Short-term Analog Flash and Emergency Readiness Act
- Long title: An act to require the Federal Communications Commission to provide for a short-term extension of the analog television broadcasting authority so that essential public safety announcements and digital television transition information may be provided for a short time during the transition to digital television broadcasting.
- Acronyms (colloquial): SAFER Act
- Enacted by: the 110th United States Congress
- Effective: December 23, 2008

Citations
- Public law: Pub.

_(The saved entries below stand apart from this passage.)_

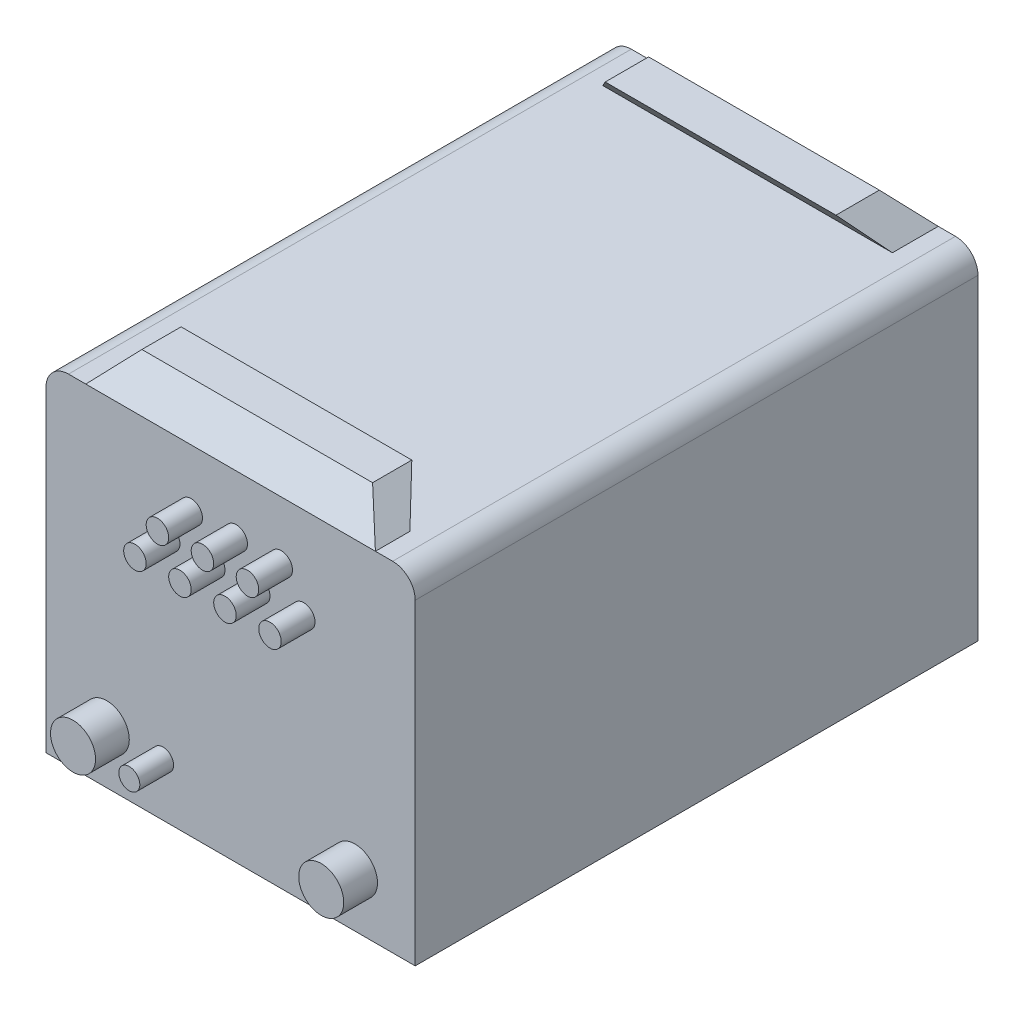
ISO-10303-21;
HEADER;
FILE_DESCRIPTION(('STEP AP214'),'2;1');
FILE_NAME('part.step','',(''),(''),'','','');
FILE_SCHEMA(('AUTOMOTIVE_DESIGN { 1 0 10303 214 1 1 1 1 }'));
ENDSEC;
DATA;
#1=APPLICATION_CONTEXT('core data for automotive mechanical design processes');
#2=APPLICATION_PROTOCOL_DEFINITION('international standard','automotive_design',2000,#1);
#3=PRODUCT_CONTEXT('',#1,'mechanical');
#4=PRODUCT('Part','Part','',(#3));
#5=PRODUCT_RELATED_PRODUCT_CATEGORY('part','',(#4));
#6=PRODUCT_DEFINITION_FORMATION('','',#4);
#7=PRODUCT_DEFINITION_CONTEXT('part definition',#1,'design');
#8=PRODUCT_DEFINITION('design','',#6,#7);
#9=PRODUCT_DEFINITION_SHAPE('','',#8);
#10=(LENGTH_UNIT() NAMED_UNIT(*) SI_UNIT(.MILLI.,.METRE.));
#11=(NAMED_UNIT(*) PLANE_ANGLE_UNIT() SI_UNIT($,.RADIAN.));
#12=(NAMED_UNIT(*) SI_UNIT($,.STERADIAN.) SOLID_ANGLE_UNIT());
#13=UNCERTAINTY_MEASURE_WITH_UNIT(LENGTH_MEASURE(1.E-05),#10,'distance_accuracy_value','');
#14=(GEOMETRIC_REPRESENTATION_CONTEXT(3) GLOBAL_UNCERTAINTY_ASSIGNED_CONTEXT((#13)) GLOBAL_UNIT_ASSIGNED_CONTEXT((#10,
#11,#12)) REPRESENTATION_CONTEXT('',''));
#15=CARTESIAN_POINT('',(0.,0.,0.));
#16=DIRECTION('',(0.,0.,1.));
#17=DIRECTION('',(1.,0.,0.));
#18=AXIS2_PLACEMENT_3D('',#15,#16,#17);
#19=CARTESIAN_POINT('',(128.648418925013,301.34644236371,500.));
#20=DIRECTION('',(-0.728848072093987,-0.684675461664049,0.));
#21=DIRECTION('',(0.684675461664049,-0.728848072093987,0.));
#22=AXIS2_PLACEMENT_3D('',#19,#20,#21);
#23=PLANE('',#22);
#24=DIRECTION('',(0.,0.,-1.));
#25=VECTOR('',#24,1.);
#26=CARTESIAN_POINT('',(128.648418925013,301.34644236371,500.));
#27=LINE('',#26,#25);
#28=CARTESIAN_POINT('',(128.648418925013,301.34644236371,40.6901929300496));
#29=VERTEX_POINT('',#28);
#30=CARTESIAN_POINT('',(128.648418925013,301.34644236371,0.));
#31=VERTEX_POINT('',#30);
#32=EDGE_CURVE('E175',#29,#31,#27,.T.);
#33=ORIENTED_EDGE('',*,*,#32,.T.);
#34=DIRECTION('',(-0.565242834216789,0.601710113843678,0.564309735220649));
#35=VECTOR('',#34,1.);
#36=CARTESIAN_POINT('',(-30.8375981311095,471.121879875066,159.2227386324));
#37=LINE('',#36,#35);
#38=CARTESIAN_POINT('',(102.483646541866,329.199264578028,26.1215797562495));
#39=VERTEX_POINT('',#38);
#40=EDGE_CURVE('E245',#31,#39,#37,.T.);
#41=ORIENTED_EDGE('',*,*,#40,.T.);
#42=DIRECTION('',(0.,0.,-1.));
#43=VECTOR('',#42,1.);
#44=CARTESIAN_POINT('',(102.483646541866,329.199264578028,500.));
#45=LINE('',#44,#43);
#46=CARTESIAN_POINT('',(102.483646541866,329.199264578028,64.6881214992163));
#47=VERTEX_POINT('',#46);
#48=EDGE_CURVE('E167',#47,#39,#45,.T.);
#49=ORIENTED_EDGE('',*,*,#48,.F.);
#50=DIRECTION('',(0.579827331426371,-0.617235546357104,-0.531808749499498));
#51=VECTOR('',#50,1.);
#52=CARTESIAN_POINT('',(-12.9830891861372,452.115467127192,170.592443369039));
#53=LINE('',#52,#51);
#54=EDGE_CURVE('E142',#47,#29,#53,.T.);
#55=ORIENTED_EDGE('',*,*,#54,.T.);
#56=EDGE_LOOP('',(#33,#41,#49,#55));
#57=FACE_BOUND('',#56,.T.);
#58=ADVANCED_FACE('F35',(#57),#23,.F.);
#59=CARTESIAN_POINT('',(102.483646541866,329.199264578028,500.));
#60=DIRECTION('',(0.,-1.,0.));
#61=DIRECTION('',(0.,0.,-1.));
#62=AXIS2_PLACEMENT_3D('',#59,#60,#61);
#63=PLANE('',#62);
#64=ORIENTED_EDGE('',*,*,#48,.T.);
#65=DIRECTION('',(-1.,0.,0.));
#66=VECTOR('',#65,1.);
#67=CARTESIAN_POINT('',(102.483646541866,329.199264578028,26.1215797562495));
#68=LINE('',#67,#66);
#69=CARTESIAN_POINT('',(-102.483646541866,329.199264578028,26.1215797562495));
#70=VERTEX_POINT('',#69);
#71=EDGE_CURVE('E251',#39,#70,#68,.T.);
#72=ORIENTED_EDGE('',*,*,#71,.T.);
#73=DIRECTION('',(0.,0.,-1.));
#74=VECTOR('',#73,1.);
#75=CARTESIAN_POINT('',(-102.483646541866,329.199264578028,500.));
#76=LINE('',#75,#74);
#77=CARTESIAN_POINT('',(-102.483646541866,329.199264578028,64.6881214992163));
#78=VERTEX_POINT('',#77);
#79=EDGE_CURVE('E163',#78,#70,#76,.T.);
#80=ORIENTED_EDGE('',*,*,#79,.F.);
#81=DIRECTION('',(1.,0.,0.));
#82=VECTOR('',#81,1.);
#83=CARTESIAN_POINT('',(102.483646541866,329.199264578028,64.6881214992163));
#84=LINE('',#83,#82);
#85=EDGE_CURVE('E232',#78,#47,#84,.T.);
#86=ORIENTED_EDGE('',*,*,#85,.T.);
#87=EDGE_LOOP('',(#64,#72,#80,#86));
#88=FACE_BOUND('',#87,.T.);
#89=ADVANCED_FACE('F240',(#88),#63,.F.);
#90=CARTESIAN_POINT('',(-128.648418925013,301.34644236371,500.));
#91=DIRECTION('',(0.728848072093986,-0.68467546166405,0.));
#92=DIRECTION('',(0.68467546166405,0.728848072093986,0.));
#93=AXIS2_PLACEMENT_3D('',#90,#91,#92);
#94=PLANE('',#93);
#95=ORIENTED_EDGE('',*,*,#79,.T.);
#96=DIRECTION('',(-0.56524283421679,-0.601710113843678,-0.564309735220649));
#97=VECTOR('',#96,1.);
#98=CARTESIAN_POINT('',(30.8375981311096,471.121879875066,159.222738632399));
#99=LINE('',#98,#97);
#100=CARTESIAN_POINT('',(-128.648418925013,301.34644236371,0.));
#101=VERTEX_POINT('',#100);
#102=EDGE_CURVE('E219',#70,#101,#99,.T.);
#103=ORIENTED_EDGE('',*,*,#102,.T.);
#104=DIRECTION('',(0.,0.,-1.));
#105=VECTOR('',#104,1.);
#106=CARTESIAN_POINT('',(-128.648418925013,301.34644236371,500.));
#107=LINE('',#106,#105);
#108=CARTESIAN_POINT('',(-128.648418925013,301.34644236371,40.6901929300496));
#109=VERTEX_POINT('',#108);
#110=EDGE_CURVE('E159',#109,#101,#107,.T.);
#111=ORIENTED_EDGE('',*,*,#110,.F.);
#112=DIRECTION('',(0.579827331426372,0.617235546357104,0.531808749499498));
#113=VECTOR('',#112,1.);
#114=CARTESIAN_POINT('',(12.9830891861374,452.115467127192,170.592443369038));
#115=LINE('',#114,#113);
#116=EDGE_CURVE('E216',#109,#78,#115,.T.);
#117=ORIENTED_EDGE('',*,*,#116,.T.);
#118=EDGE_LOOP('',(#95,#103,#111,#117));
#119=FACE_BOUND('',#118,.T.);
#120=ADVANCED_FACE('F213',(#119),#94,.F.);
#121=CARTESIAN_POINT('',(164.,0.,500.));
#122=DIRECTION('',(-1.,0.,0.));
#123=DIRECTION('',(0.,0.,1.));
#124=AXIS2_PLACEMENT_3D('',#121,#122,#123);
#125=PLANE('',#124);
#126=DIRECTION('',(0.,1.,0.));
#127=VECTOR('',#126,1.);
#128=CARTESIAN_POINT('',(164.,0.,0.));
#129=LINE('',#128,#127);
#130=CARTESIAN_POINT('',(164.,0.,0.));
#131=VERTEX_POINT('',#130);
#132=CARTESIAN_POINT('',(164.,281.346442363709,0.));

L. 110–459 (text) (PDF)
- Statutes at Large: 122 Stat. 5121

Legislative history
- Introduced in the Senate as S. 3663 by Jay Rockefeller (D‑WV) on October 1, 2008; Committee consideration by House Energy and Commerce Committee, Senate Commerce Committee; Passed the Senate on November 20, 2008 (unanimous consent); Passed the House on December 10, 2008 ; Signed into law by President George W. Bush on December 23, 2008;

= Short-term Analog Flash and Emergency Readiness Act =

2009 United States law

The Short-term Analog Flash and Emergency Readiness Act, or SAFER Act, () is a U.S. law that required the Federal Communications Commission (FCC) to allow the continuation of full-power analog TV transmissions in 2009 for an additional 30 days for the purpose of broadcasting public service announcements regarding the DTV transition in the United States and emergency information. It is also commonly known as the "DTV nightlight bill" or "analog nightlight", referring to a small nightlight that is left on after all of the other lights are out. Despite the analog shutoff deadline being extended to June 12, 2009 as part of the DTV Delay Act, stations that signed off before the deadline were still permitted to participate in the SAFER Act.

This was allowed for such broadcasts, in both English and Spanish, until July 12, 2009, while normal programming ceased the previous month. It was passed by both houses of the U.S. Congress, originating in the U.S. Senate as S. 3668, and approved by the U.S. House in mid-December 2008. Such broadcasts were not required, and for stations which changed from analog to digital broadcasts on the same frequency (known as a flash-cut) this would have been impossible. Only stations signing off early or in the "core spectrum" (channels 2 to 51) were allowed to participate so that channels 52 to 69 could be cleared from the TV broadcasting spectrum. At least one station above 51, Fox affiliate WPGH-TV in Pittsburgh (channel 53), signed off its analog signal on the original February deadline, thereby allowing it to participate in the SAFER Act.

The act was signed into law by President George W. Bush on December 23, 2008 and the FCC was given until January 15, 2009 to finalize the related rules and regulations. The initial FCC-generated list of eligible stations was published on December 29, 2008. Other stations were encouraged to apply, especially in media markets where no station was listed. Stations only required a special temporary authority (STA) from the FCC to be a part of the service.

Limited presence of advertising and sponsorship was permitted, insofar as it is needed to allow news broadcasts from the main digital station to be simulcast onto the nightlight channel during an emergency. Commercial activity was otherwise limited to mere identification of sponsors. An updated FCC list of eligible stations, released January 15, 2009, identified twenty-eight stations nationwide which have expressed interest in conducting these broadcasts. The cost per station to operate the transmitters for one month has been estimated at $3,500 to $15,000, depending on the frequency, power level, and local electric rates.

Low-power TV (LPTV) stations were not required to transition to digital broadcasting until July 13, 2021, thus the bill does not affect them. Because of this exception, several stations throughout the nation, such as Washington, D.C.'s WJLA (ABC) and WDJT-TV (CBS) in Milwaukee, took advantage of the loophole by moving network programming from their former analog full-power stations to purchased or leased LPTV stations in order to continue to provide some form of analog network programming and local news to their market area until such time as digital adoption has been deemed sufficient by the stations. WJLA ended their extended service shortly after the nightlight period, while the special dispensation by CBS for WDJT to air the network on their station ended on December 31, 2009, at which time it began to transmit MeTV station WBME-TV's main signal until Weigel's low-power analog signals in Milwaukee were turned off at the beginning of 2013.

After June 12, 2009, a low-power analog station in Chicago, not required to shut down after 30 days like other nightlight stations, aired newscasts that otherwise could not be seen by a number of people after the transition while stations attempted to solve technical and reception problems.

The FCC reported 121 stations providing nightlight service in 87 markets after the June 12, 2009 transition.

All of the stations were supposed to be off the air by July 12, 2009, and David Fiske of the FCC said no investigation was planned to ensure compliance. Fiske said someone would have to report a full-power station for violating the rule. Continuation of full-power analog broadcasting beyond this date was very unlikely, as stations had a financial incentive to shut down their analog transmitters as soon as possible, which consumed much more power than their digital replacements, and had incurred much higher costs running two transmitters for several years.

While Nielsen estimated that 1.7 million people still could not pick up a digital signal as of July 1, 2009, former acting FCC chair Michael Copps said giving nightlight stations more time was not planned.